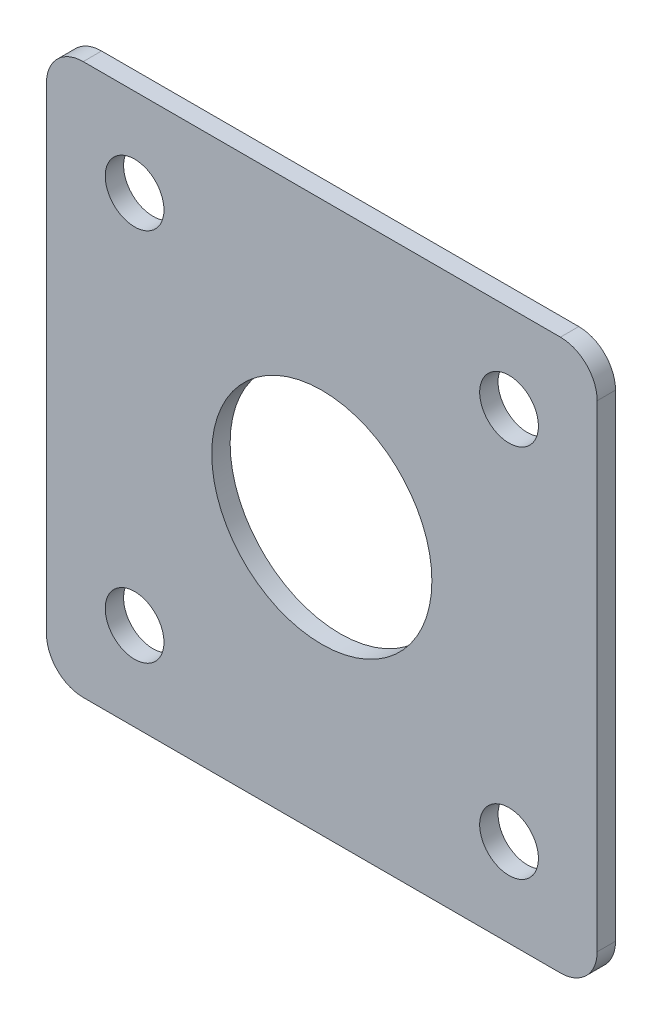
ISO-10303-21;
HEADER;
FILE_DESCRIPTION(('STEP AP214'),'2;1');
FILE_NAME('part.step','',(''),(''),'','','');
FILE_SCHEMA(('AUTOMOTIVE_DESIGN { 1 0 10303 214 1 1 1 1 }'));
ENDSEC;
DATA;
#1=APPLICATION_CONTEXT('core data for automotive mechanical design processes');
#2=APPLICATION_PROTOCOL_DEFINITION('international standard','automotive_design',2000,#1);
#3=PRODUCT_CONTEXT('',#1,'mechanical');
#4=PRODUCT('Part','Part','',(#3));
#5=PRODUCT_RELATED_PRODUCT_CATEGORY('part','',(#4));
#6=PRODUCT_DEFINITION_FORMATION('','',#4);
#7=PRODUCT_DEFINITION_CONTEXT('part definition',#1,'design');
#8=PRODUCT_DEFINITION('design','',#6,#7);
#9=PRODUCT_DEFINITION_SHAPE('','',#8);
#10=(LENGTH_UNIT() NAMED_UNIT(*) SI_UNIT(.MILLI.,.METRE.));
#11=(NAMED_UNIT(*) PLANE_ANGLE_UNIT() SI_UNIT($,.RADIAN.));
#12=(NAMED_UNIT(*) SI_UNIT($,.STERADIAN.) SOLID_ANGLE_UNIT());
#13=UNCERTAINTY_MEASURE_WITH_UNIT(LENGTH_MEASURE(1.E-05),#10,'distance_accuracy_value','');
#14=(GEOMETRIC_REPRESENTATION_CONTEXT(3) GLOBAL_UNCERTAINTY_ASSIGNED_CONTEXT((#13)) GLOBAL_UNIT_ASSIGNED_CONTEXT((#10,
#11,#12)) REPRESENTATION_CONTEXT('',''));
#15=CARTESIAN_POINT('',(0.,0.,0.));
#16=DIRECTION('',(0.,0.,1.));
#17=DIRECTION('',(1.,0.,0.));
#18=AXIS2_PLACEMENT_3D('',#15,#16,#17);
#19=CARTESIAN_POINT('',(0.,0.,5.));
#20=DIRECTION('',(0.,0.,1.));
#21=DIRECTION('',(1.,0.,0.));
#22=AXIS2_PLACEMENT_3D('',#19,#20,#21);
#23=PLANE('',#22);
#24=CARTESIAN_POINT('',(-51.,-51.,5.));
#25=DIRECTION('',(0.,0.,1.));
#26=DIRECTION('',(1.,0.,0.));
#27=AXIS2_PLACEMENT_3D('',#24,#25,#26);
#28=CIRCLE('',#27,8.);
#29=CARTESIAN_POINT('',(-43.,-51.,5.));
#30=VERTEX_POINT('',#29);
#31=EDGE_CURVE('E229',#30,#30,#28,.T.);
#32=ORIENTED_EDGE('',*,*,#31,.F.);
#33=EDGE_LOOP('',(#32));
#34=FACE_BOUND('',#33,.T.);
#35=CARTESIAN_POINT('',(51.,51.,5.));
#36=DIRECTION('',(0.,0.,1.));
#37=DIRECTION('',(1.,0.,0.));
#38=AXIS2_PLACEMENT_3D('',#35,#36,#37);
#39=CIRCLE('',#38,8.);
#40=CARTESIAN_POINT('',(59.,51.,5.));
#41=VERTEX_POINT('',#40);
#42=EDGE_CURVE('E215',#41,#41,#39,.T.);
#43=ORIENTED_EDGE('',*,*,#42,.F.);
#44=EDGE_LOOP('',(#43));
#45=FACE_BOUND('',#44,.T.);
#46=DIRECTION('',(1.,0.,0.));
#47=VECTOR('',#46,1.);
#48=CARTESIAN_POINT('',(75.,-75.,5.));
#49=LINE('',#48,#47);
#50=CARTESIAN_POINT('',(-65.,-75.,5.));
#51=VERTEX_POINT('',#50);
#52=CARTESIAN_POINT('',(65.,-75.,5.));
#53=VERTEX_POINT('',#52);
#54=EDGE_CURVE('E195',#51,#53,#49,.T.);
#55=ORIENTED_EDGE('',*,*,#54,.T.);
#56=CARTESIAN_POINT('',(65.,-65.,5.));
#57=DIRECTION('',(0.,0.,1.));
#58=DIRECTION('',(1.,0.,0.));
#59=AXIS2_PLACEMENT_3D('',#56,#57,#58);
#60=CIRCLE('',#59,10.);
#61=CARTESIAN_POINT('',(75.,-65.,5.));
#62=VERTEX_POINT('',#61);
#63=EDGE_CURVE('E168',#53,#62,#60,.T.);
#64=ORIENTED_EDGE('',*,*,#63,.T.);
#65=DIRECTION('',(0.,1.,0.));
#66=VECTOR('',#65,1.);
#67=CARTESIAN_POINT('',(75.,-75.,5.));
#68=LINE('',#67,#66);
#69=CARTESIAN_POINT('',(75.,65.,5.));
#70=VERTEX_POINT('',#69);
#71=EDGE_CURVE('E125',#62,#70,#68,.T.);
#72=ORIENTED_EDGE('',*,*,#71,.T.);
#73=CARTESIAN_POINT('',(65.,65.,5.));
#74=DIRECTION('',(0.,0.,1.));
#75=DIRECTION('',(1.,0.,0.));
#76=AXIS2_PLACEMENT_3D('',#73,#74,#75);
#77=CIRCLE('',#76,10.);
#78=CARTESIAN_POINT('',(65.,75.,5.));
#79=VERTEX_POINT('',#78);
#80=EDGE_CURVE('E60',#70,#79,#77,.T.);
#81=ORIENTED_EDGE('',*,*,#80,.T.);
#82=DIRECTION('',(-1.,0.,0.));
#83=VECTOR('',#82,1.);
#84=CARTESIAN_POINT('',(75.,75.,5.));
#85=LINE('',#84,#83);
#86=CARTESIAN_POINT('',(-65.,75.,5.));
#87=VERTEX_POINT('',#86);
#88=EDGE_CURVE('E146',#79,#87,#85,.T.);
#89=ORIENTED_EDGE('',*,*,#88,.T.);
#90=CARTESIAN_POINT('',(-65.,65.,5.));
#91=DIRECTION('',(0.,0.,1.));
#92=DIRECTION('',(1.,0.,0.));
#93=AXIS2_PLACEMENT_3D('',#90,#91,#92);
#94=CIRCLE('',#93,10.);
#95=CARTESIAN_POINT('',(-75.,65.,5.));
#96=VERTEX_POINT('',#95);
#97=EDGE_CURVE('E162',#87,#96,#94,.T.);
#98=ORIENTED_EDGE('',*,*,#97,.T.);
#99=DIRECTION('',(0.,-1.,0.));
#100=VECTOR('',#99,1.);
#101=CARTESIAN_POINT('',(-75.,-75.,5.));
#102=LINE('',#101,#100);
#103=CARTESIAN_POINT('',(-75.,-65.,5.));
#104=VERTEX_POINT('',#103);
#105=EDGE_CURVE('E139',#96,#104,#102,.T.);
#106=ORIENTED_EDGE('',*,*,#105,.T.);
#107=CARTESIAN_POINT('',(-65.,-65.,5.));
#108=DIRECTION('',(0.,0.,1.));
#109=DIRECTION('',(1.,0.,0.));
#110=AXIS2_PLACEMENT_3D('',#107,#108,#109);
#111=CIRCLE('',#110,10.);
#112=EDGE_CURVE('E165',#104,#51,#111,.T.);
#113=ORIENTED_EDGE('',*,*,#112,.T.);
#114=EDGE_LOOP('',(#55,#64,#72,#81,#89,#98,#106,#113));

**About this task:**
Return, unchanged, the run of lines above that opens with the line containing "#72=ORIENTED_EDGE('',*,*,#71,.T.);" and closes with the line containing "#90=CARTESIAN_POINT('',(-65.,65.,5.));". Include both.

**Expected answer:**
#72=ORIENTED_EDGE('',*,*,#71,.T.);
#73=CARTESIAN_POINT('',(65.,65.,5.));
#74=DIRECTION('',(0.,0.,1.));
#75=DIRECTION('',(1.,0.,0.));
#76=AXIS2_PLACEMENT_3D('',#73,#74,#75);
#77=CIRCLE('',#76,10.);
#78=CARTESIAN_POINT('',(65.,75.,5.));
#79=VERTEX_POINT('',#78);
#80=EDGE_CURVE('E60',#70,#79,#77,.T.);
#81=ORIENTED_EDGE('',*,*,#80,.T.);
#82=DIRECTION('',(-1.,0.,0.));
#83=VECTOR('',#82,1.);
#84=CARTESIAN_POINT('',(75.,75.,5.));
#85=LINE('',#84,#83);
#86=CARTESIAN_POINT('',(-65.,75.,5.));
#87=VERTEX_POINT('',#86);
#88=EDGE_CURVE('E146',#79,#87,#85,.T.);
#89=ORIENTED_EDGE('',*,*,#88,.T.);
#90=CARTESIAN_POINT('',(-65.,65.,5.));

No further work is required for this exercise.